By Steven J. Grisafi, PhD.
A biography of Karl Popper has reminded me of a story I learned as an undergraduate. A professor of mine voiced his opinion to our class that it was the misfortune of the Dutch people to have the renown of their two greatest scientists eclipsed by their contemporaries. He explained to us that Christian Huygens’ wave theory of light did not receive the recognition it warranted during Huygens’ lifetime because of the great authority bestowed upon the opinions of Isaac Newton. Although subsequent generations of scientists came to support Huygens’ wave theory, it was Newton’s corpuscular theory of light that many scientists supported simply because Newton himself proposed it. With the advent of quantum mechanics we have come to recognize the dual nature of not just light, but also of matter, as having both wave and corpuscular character. The professor was one of several whom I noticed seemed to doubt the validity of Einstein’s theory of relativity. He went on to explain that Einstein’s prediction of the bending of light by gravity could have been made by Issac Newton. Of course, there are always “could have” and “should have” moments in everyone’s life. But I found the assertion in the Karl Popper biography, “that light is deflected towards solid bodies, confirmed by Eddington’s experiments in 1919” to be so typical of the constant reaffirmation the public receives regarding the validity of relativity theory that I felt I need to explain this example
further.
Regardless of whatever inaccuracies were made at the time of the measurement, Arthur Eddington’s measurement of the bending of starlight as it passed in the proximity of the Sun during a solar eclipse did confirm Einstein’s prediction. Our professor was asserting that such a calculation could be made using only Newton’s Laws of mechanics. The difficulty with Newton actually doing so himself was that he had no means by which to measure the mass of light. We believe our measurements indicate that the corpuscle of light, the photon, has no mass. Yet this fact should not deter Newton’s belief that gravity can deflect light. His experiments with the refraction of light provide all the insight one needs to recognize that gravity will bend light.
Although light has no mass, it has momentum. We know from quantum mechanics that the energy of a photon is the product of Planck’s constant with the frequency of the light. We also know that the momentum of the photon is the product of Planck’s constant with the wavelength of the light. Most people come to know Newton’s Second Law of Mechanics as force equals the product of mass with acceleration. Yet, the more general form of the law is that force equals the time rate of change of momentum. Since this relationship requires an understanding of the use of calculus, and most people do not learn calculus, most people learn the second law as f=ma. Newton believed that light was a particle. Yet he showed that light could be bent by a prism. Recognizing that the path of the light corpuscle had been bent, Newton could have understood that a force had been applied to cause a change in the momentum of the light. Perhaps it is the dispersal of white light into its component colors of the rainbow that distracts people’s attention to the fact that light is bent while passing through a prism because it is responding to a force acting upon it. So, let’s concentrate on another example of the refraction of light that almost everyone has seen.

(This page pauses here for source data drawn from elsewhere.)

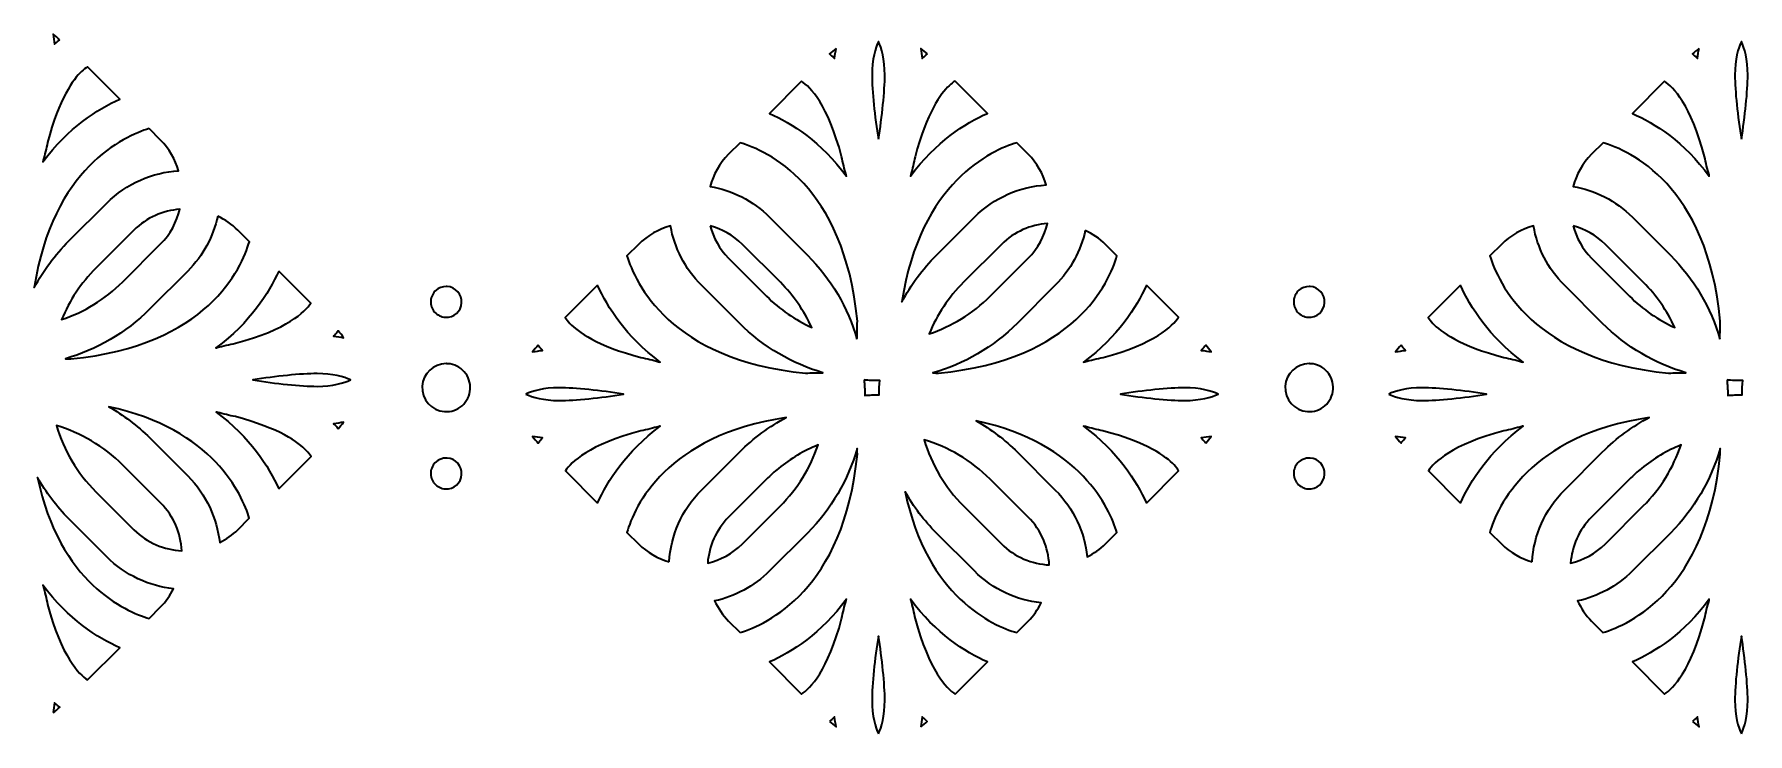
# Model space of a CAD drawing. Header units: millimetres. Extents: x 24 to 984, y -529 to -8.
# Drawn here: x 618.94 to 666.25, y -519.65 to -500.34 of the extents above; entities that cross this region are included whole.
import ezdxf

# ---------------------------------------------------------------- set-up
doc = ezdxf.new("R2010")
doc.units = ezdxf.units.MM
doc.header["$MEASUREMENT"] = 0
doc.layers.add('縫線連接點', color=7, linetype='Continuous', lineweight=0)

msp = doc.modelspace()

# ---------------------------------------------------------------- linework, layer by layer
at = {"layer": '縫線連接點', "color": 251, "lineweight": 35, "true_color": 0x606060}
for points, knots in [([(619.648, -500.488), (619.607, -500.521), (619.566, -500.552), (619.524, -500.592), (619.518, -500.598), (619.512, -500.605), (619.505, -500.611), (619.495, -500.516), (619.479, -500.424), (619.462, -500.335), (619.527, -500.381), (619.588, -500.434), (619.648, -500.488)], [0, 0, 0, 0, 1, 1, 1, 2, 2, 2, 3, 3, 3, 4, 4, 4, 4]), ([(641.081, -500.727), (641.063, -500.816), (641.048, -500.908), (641.038, -501.004), (641.031, -500.998), (641.025, -500.99), (641.019, -500.984), (640.977, -500.944), (640.936, -500.913), (640.895, -500.88), (640.955, -500.826), (641.016, -500.773), (641.081, -500.727)], [0, 0, 0, 0, 1, 1, 1, 2, 2, 2, 3, 3, 3, 4, 4, 4, 4]), ([(642.247, -503.236), (642.146, -502.616), (642.071, -501.902), (642.071, -501.46), (642.071, -501.033), (642.162, -500.711), (642.247, -500.538), (642.332, -500.711), (642.424, -501.033), (642.424, -501.46), (642.424, -501.902), (642.348, -502.616), (642.247, -503.236)], [0, 0, 0, 0, 1, 1, 1, 2, 2, 2, 3, 3, 3, 4, 4, 4, 4]), ([(643.599, -500.88), (643.558, -500.913), (643.517, -500.944), (643.475, -500.984), (643.469, -500.99), (643.463, -500.998), (643.457, -501.004), (643.446, -500.908), (643.431, -500.816), (643.414, -500.727), (643.479, -500.773), (643.539, -500.826), (643.599, -500.88)], [0, 0, 0, 0, 1, 1, 1, 2, 2, 2, 3, 3, 3, 4, 4, 4, 4]), ([(664.903, -500.727), (664.886, -500.816), (664.871, -500.908), (664.86, -501.004), (664.854, -500.998), (664.848, -500.99), (664.842, -500.984), (664.8, -500.944), (664.759, -500.913), (664.718, -500.88), (664.778, -500.826), (664.838, -500.773), (664.903, -500.727)], [0, 0, 0, 0, 1, 1, 1, 2, 2, 2, 3, 3, 3, 4, 4, 4, 4]), ([(666.07, -503.236), (665.968, -502.616), (665.893, -501.902), (665.893, -501.46), (665.893, -501.033), (665.985, -500.711), (666.07, -500.538), (666.155, -500.711), (666.246, -501.033), (666.246, -501.46), (666.246, -501.902), (666.171, -502.616), (666.07, -503.236)], [0, 0, 0, 0, 1, 1, 1, 2, 2, 2, 3, 3, 3, 4, 4, 4, 4]), ([(619.192, -503.812), (619.237, -503.656), (619.275, -503.493), (619.309, -503.326), (619.631, -502.106), (620.019, -501.58), (620.249, -501.363), (620.307, -501.308), (620.363, -501.268), (620.411, -501.236), (620.411, -501.236), (621.303, -502.128), (621.303, -502.128), (620.694, -502.401), (619.878, -502.915), (619.182, -503.859), (619.186, -503.843), (619.189, -503.827), (619.192, -503.812)], [0, 0, 0, 0, 1, 1, 1, 2, 2, 2, 3, 3, 3, 4, 4, 4, 5, 5, 5, 6, 6, 6, 6]), ([(640.126, -501.633), (640.369, -501.792), (640.851, -502.278), (641.233, -503.714), (641.268, -503.887), (641.308, -504.056), (641.354, -504.217), (641.357, -504.229), (641.36, -504.241), (641.362, -504.253), (640.667, -503.308), (639.85, -502.794), (639.24, -502.52), (639.24, -502.52), (640.126, -501.633), (640.126, -501.633)], [0, 0, 0, 0, 1, 1, 1, 2, 2, 2, 3, 3, 3, 4, 4, 4, 5, 5, 5, 5]), ([(643.144, -504.204), (643.188, -504.048), (643.227, -503.885), (643.26, -503.718), (643.582, -502.498), (643.97, -501.972), (644.201, -501.755), (644.259, -501.7), (644.314, -501.66), (644.362, -501.628), (644.362, -501.628), (645.255, -502.52), (645.255, -502.52), (644.645, -502.793), (643.829, -503.307), (643.134, -504.251), (643.137, -504.235), (643.14, -504.22), (643.144, -504.204)], [0, 0, 0, 0, 1, 1, 1, 2, 2, 2, 3, 3, 3, 4, 4, 4, 5, 5, 5, 6, 6, 6, 6]), ([(663.949, -501.633), (664.191, -501.792), (664.673, -502.278), (665.056, -503.714), (665.091, -503.887), (665.131, -504.056), (665.177, -504.217), (665.18, -504.229), (665.182, -504.241), (665.185, -504.253), (664.489, -503.308), (663.672, -502.794), (663.062, -502.52), (663.062, -502.52), (663.949, -501.633), (663.949, -501.633)], [0, 0, 0, 0, 1, 1, 1, 2, 2, 2, 3, 3, 3, 4, 4, 4, 5, 5, 5, 5]), ([(622.115, -502.94), (622.115, -502.94), (622.431, -503.256), (622.431, -503.256), (622.675, -503.5), (622.835, -503.794), (622.929, -504.104), (622.206, -504.15), (621.496, -504.446), (620.945, -504.997), (620.945, -504.997), (619.898, -506.044), (619.898, -506.044), (619.513, -506.429), (619.193, -506.864), (618.944, -507.333), (619.446, -504.028), (621.424, -503.148), (622.115, -502.94)], [0, 0, 0, 0, 1, 1, 1, 2, 2, 2, 3, 3, 3, 4, 4, 4, 5, 5, 5, 6, 6, 6, 6]), ([(641.656, -508.753), (641.405, -507.885), (640.942, -507.09), (640.288, -506.436), (640.288, -506.436), (639.242, -505.39), (639.242, -505.39), (638.778, -504.926), (638.203, -504.643), (637.602, -504.536), (637.693, -504.211), (637.857, -503.903), (638.112, -503.648), (638.112, -503.648), (638.429, -503.331), (638.429, -503.331), (639.161, -503.544), (641.309, -504.489), (641.666, -508.258), (641.662, -508.421), (641.658, -508.585), (641.656, -508.753)], [0, 0, 0, 0, 1, 1, 1, 2, 2, 2, 3, 3, 3, 4, 4, 4, 5, 5, 5, 6, 6, 6, 7, 7, 7, 7]), ([(646.067, -503.332), (646.067, -503.332), (646.383, -503.648), (646.383, -503.648), (646.627, -503.892), (646.786, -504.186), (646.88, -504.496), (646.157, -504.542), (645.447, -504.838), (644.896, -505.39), (644.896, -505.39), (643.85, -506.436), (643.85, -506.436), (643.464, -506.821), (643.144, -507.256), (642.895, -507.725), (643.398, -504.42), (645.375, -503.54), (646.067, -503.332)], [0, 0, 0, 0, 1, 1, 1, 2, 2, 2, 3, 3, 3, 4, 4, 4, 5, 5, 5, 6, 6, 6, 6]), ([(665.478, -508.753), (665.228, -507.885), (664.764, -507.09), (664.111, -506.436), (664.111, -506.436), (663.064, -505.39), (663.064, -505.39), (662.601, -504.926), (662.026, -504.643), (661.425, -504.536), (661.516, -504.211), (661.679, -503.903), (661.934, -503.648), (661.934, -503.648), (662.251, -503.331), (662.251, -503.331), (662.984, -503.544), (665.131, -504.489), (665.488, -508.258), (665.484, -508.421), (665.48, -508.585), (665.478, -508.753)], [0, 0, 0, 0, 1, 1, 1, 2, 2, 2, 3, 3, 3, 4, 4, 4, 5, 5, 5, 6, 6, 6, 7, 7, 7, 7]), ([(622.431, -506.127), (622.431, -506.127), (621.385, -507.174), (621.385, -507.174), (620.894, -507.664), (620.314, -508.008), (619.698, -508.216), (619.914, -507.689), (620.233, -507.205), (620.647, -506.792), (620.647, -506.792), (621.693, -505.746), (621.693, -505.746), (622.046, -505.393), (622.499, -505.206), (622.961, -505.168), (622.877, -505.519), (622.705, -505.854), (622.431, -506.127)], [0, 0, 0, 0, 1, 1, 1, 2, 2, 2, 3, 3, 3, 4, 4, 4, 5, 5, 5, 6, 6, 6, 6]), ([(624.007, -505.36), (624.208, -505.457), (624.398, -505.58), (624.564, -505.746), (624.564, -505.746), (624.882, -506.063), (624.882, -506.063), (624.669, -506.795), (623.724, -508.943), (619.954, -509.3), (619.903, -509.298), (619.854, -509.297), (619.802, -509.295), (620.656, -509.05), (621.461, -508.593), (622.133, -507.922), (622.133, -507.922), (623.18, -506.876), (623.18, -506.876), (623.611, -506.444), (623.885, -505.916), (624.007, -505.36)], [0, 0, 0, 0, 1, 1, 1, 2, 2, 2, 3, 3, 3, 4, 4, 4, 5, 5, 5, 6, 6, 6, 7, 7, 7, 7]), ([(635.622, -506.138), (635.877, -505.883), (636.186, -505.719), (636.51, -505.629), (636.617, -506.229), (636.9, -506.805), (637.363, -507.268), (637.363, -507.268), (638.41, -508.314), (638.41, -508.314), (639.075, -508.979), (639.872, -509.435), (640.717, -509.682), (640.554, -509.684), (640.395, -509.688), (640.237, -509.692), (636.487, -509.333), (635.525, -507.181), (635.306, -506.454), (635.306, -506.454), (635.622, -506.138), (635.622, -506.138)], [0, 0, 0, 0, 1, 1, 1, 2, 2, 2, 3, 3, 3, 4, 4, 4, 5, 5, 5, 6, 6, 6, 7, 7, 7, 7]), ([(637.601, -505.627), (637.927, -505.718), (638.238, -505.882), (638.493, -506.138), (638.493, -506.138), (639.54, -507.184), (639.54, -507.184), (639.906, -507.551), (640.195, -507.975), (640.407, -508.434), (639.955, -508.224), (639.53, -507.938), (639.158, -507.566), (639.158, -507.566), (638.112, -506.519), (638.112, -506.519), (637.856, -506.264), (637.692, -505.953), (637.601, -505.627)], [0, 0, 0, 0, 1, 1, 1, 2, 2, 2, 3, 3, 3, 4, 4, 4, 5, 5, 5, 6, 6, 6, 6]), ([(646.383, -506.519), (646.383, -506.519), (645.336, -507.566), (645.336, -507.566), (644.846, -508.056), (644.266, -508.4), (643.649, -508.608), (643.865, -508.081), (644.185, -507.597), (644.598, -507.184), (644.598, -507.184), (645.644, -506.138), (645.644, -506.138), (645.997, -505.785), (646.45, -505.598), (646.913, -505.56), (646.828, -505.911), (646.656, -506.246), (646.383, -506.519)], [0, 0, 0, 0, 1, 1, 1, 2, 2, 2, 3, 3, 3, 4, 4, 4, 5, 5, 5, 6, 6, 6, 6]), ([(659.445, -506.138), (659.7, -505.883), (660.008, -505.719), (660.333, -505.629), (660.44, -506.229), (660.723, -506.805), (661.186, -507.268), (661.186, -507.268), (662.232, -508.314), (662.232, -508.314), (662.898, -508.979), (663.694, -509.435), (664.539, -509.682), (664.377, -509.684), (664.218, -509.688), (664.06, -509.692), (660.31, -509.333), (659.347, -507.181), (659.129, -506.454), (659.129, -506.454), (659.445, -506.138), (659.445, -506.138)], [0, 0, 0, 0, 1, 1, 1, 2, 2, 2, 3, 3, 3, 4, 4, 4, 5, 5, 5, 6, 6, 6, 7, 7, 7, 7]), ([(661.424, -505.627), (661.75, -505.718), (662.06, -505.882), (662.316, -506.138), (662.316, -506.138), (663.362, -507.184), (663.362, -507.184), (663.729, -507.551), (664.018, -507.975), (664.23, -508.434), (663.778, -508.224), (663.353, -507.938), (662.981, -507.566), (662.981, -507.566), (661.934, -506.519), (661.934, -506.519), (661.678, -506.264), (661.514, -505.953), (661.424, -505.627)], [0, 0, 0, 0, 1, 1, 1, 2, 2, 2, 3, 3, 3, 4, 4, 4, 5, 5, 5, 6, 6, 6, 6]), ([(647.958, -505.752), (648.159, -505.849), (648.35, -505.972), (648.516, -506.138), (648.516, -506.138), (648.833, -506.455), (648.833, -506.455), (648.62, -507.187), (647.675, -509.335), (643.906, -509.692), (643.855, -509.691), (643.805, -509.689), (643.754, -509.687), (644.607, -509.442), (645.413, -508.985), (646.084, -508.314), (646.084, -508.314), (647.131, -507.268), (647.131, -507.268), (647.562, -506.836), (647.836, -506.308), (647.958, -505.752)], [0, 0, 0, 0, 1, 1, 1, 2, 2, 2, 3, 3, 3, 4, 4, 4, 5, 5, 5, 6, 6, 6, 7, 7, 7, 7]), ([(625.692, -506.873), (625.692, -506.873), (626.579, -507.76), (626.579, -507.76), (626.421, -508.002), (625.935, -508.485), (624.498, -508.868), (624.325, -508.902), (624.156, -508.942), (623.995, -508.988), (623.983, -508.991), (623.972, -508.994), (623.959, -508.996), (624.905, -508.301), (625.419, -507.484), (625.692, -506.873)], [0, 0, 0, 0, 1, 1, 1, 2, 2, 2, 3, 3, 3, 4, 4, 4, 5, 5, 5, 5]), ([(630.035, -507.405), (630.113, -507.336), (630.212, -507.299), (630.315, -507.299), (630.325, -507.299), (630.334, -507.299), (630.344, -507.3), (630.578, -507.316), (630.756, -507.519), (630.741, -507.753), (630.726, -507.987), (630.529, -508.165), (630.288, -508.151), (630.174, -508.143), (630.071, -508.092), (629.996, -508.006), (629.921, -507.921), (629.883, -507.811), (629.891, -507.698), (629.898, -507.584), (629.949, -507.48), (630.035, -507.405)], [0, 0, 0, 0, 1, 1, 1, 2, 2, 2, 3, 3, 3, 4, 4, 4, 5, 5, 5, 6, 6, 6, 7, 7, 7, 7]), ([(634.494, -507.266), (634.767, -507.875), (635.281, -508.691), (636.225, -509.387), (636.209, -509.383), (636.193, -509.38), (636.178, -509.377), (636.022, -509.332), (635.859, -509.294), (635.692, -509.26), (634.472, -508.938), (633.946, -508.55), (633.729, -508.32), (633.674, -508.262), (633.633, -508.206), (633.602, -508.158), (633.602, -508.158), (634.494, -507.266), (634.494, -507.266)], [0, 0, 0, 0, 1, 1, 1, 2, 2, 2, 3, 3, 3, 4, 4, 4, 5, 5, 5, 6, 6, 6, 6]), ([(649.644, -507.266), (649.644, -507.266), (650.531, -508.152), (650.531, -508.152), (650.372, -508.394), (649.887, -508.877), (648.45, -509.26), (648.277, -509.294), (648.107, -509.334), (647.947, -509.38), (647.934, -509.383), (647.923, -509.386), (647.911, -509.388), (648.856, -508.693), (649.37, -507.876), (649.644, -507.266)], [0, 0, 0, 0, 1, 1, 1, 2, 2, 2, 3, 3, 3, 4, 4, 4, 5, 5, 5, 5]), ([(653.858, -507.405), (653.936, -507.336), (654.034, -507.299), (654.138, -507.299), (654.147, -507.299), (654.157, -507.299), (654.166, -507.3), (654.401, -507.316), (654.579, -507.519), (654.564, -507.753), (654.548, -507.987), (654.351, -508.165), (654.111, -508.151), (653.997, -508.143), (653.893, -508.092), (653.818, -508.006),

If you have ever rowed a boat, or merely plunged a stick into water, you should have noticed that the oar appears bent as we look down at it in the water. The oar does not bend but the path the light takes traveling from the oar to our eyes does. So what force is it that causes this change in the momentum of light? The light is bent by the electromagnetic force exerted upon it by the molecules of water. Since the water molecules exert a slightly different force upon the photons than do the air molecules, within which we reside, we perceive the oar as bent. But it is not. This common example of light refraction is identical to the claim asserted in the Karl Popper biography and attributed to Einstein. We ought to recognize that the Sun does not have a sharp distinct boundary. Starlight passing through the corona of the Sun during a solar eclipse experiences not just the force of gravity from the Sun, but also the atomic and molecular forces of the particles within the Sun’s atmosphere. We recognize that there is the force of the solar wind caused by myriad particles ejected from the Sun’s corona and propelled towards the planets. So we know that starlight passing the Sun during a solar eclipse experiences much more than just the force of gravity.
Now the reader may be wondering: So who is the second Dutch scientist to suffer a fate similar to Christian Huygens? It was Hendrick Lorentz. Einstein’s general theory of relativity is built upon his special theory. His special theory of relativity is built upon the Lorentz transformations. Our teacher went on to explain, and I don’t know how he could have known this but the rumor persists, that Lorentz thought Einstein cheated. It was an incredibly laborious calculation for Lorentz to derive his transformations from Maxwell’s equations of electromagnetism. Einstein used simple geometric reasoning to propose the complicated forms of the transformations. Lorentz understood that his transformations meant abolition of Newton’s propositions of absolute time and space. Yet he was unwilling to take the bold step that Einstein took in suggesting that the transformations applied, not just to electromagnetic radiation, but to all forms of matter and energy. In due time Christian Huygens came to receive the recognition he deserved during his lifetime. Time will soon come for Hendrick Lorentz and we will recognize the virtue of his prudence.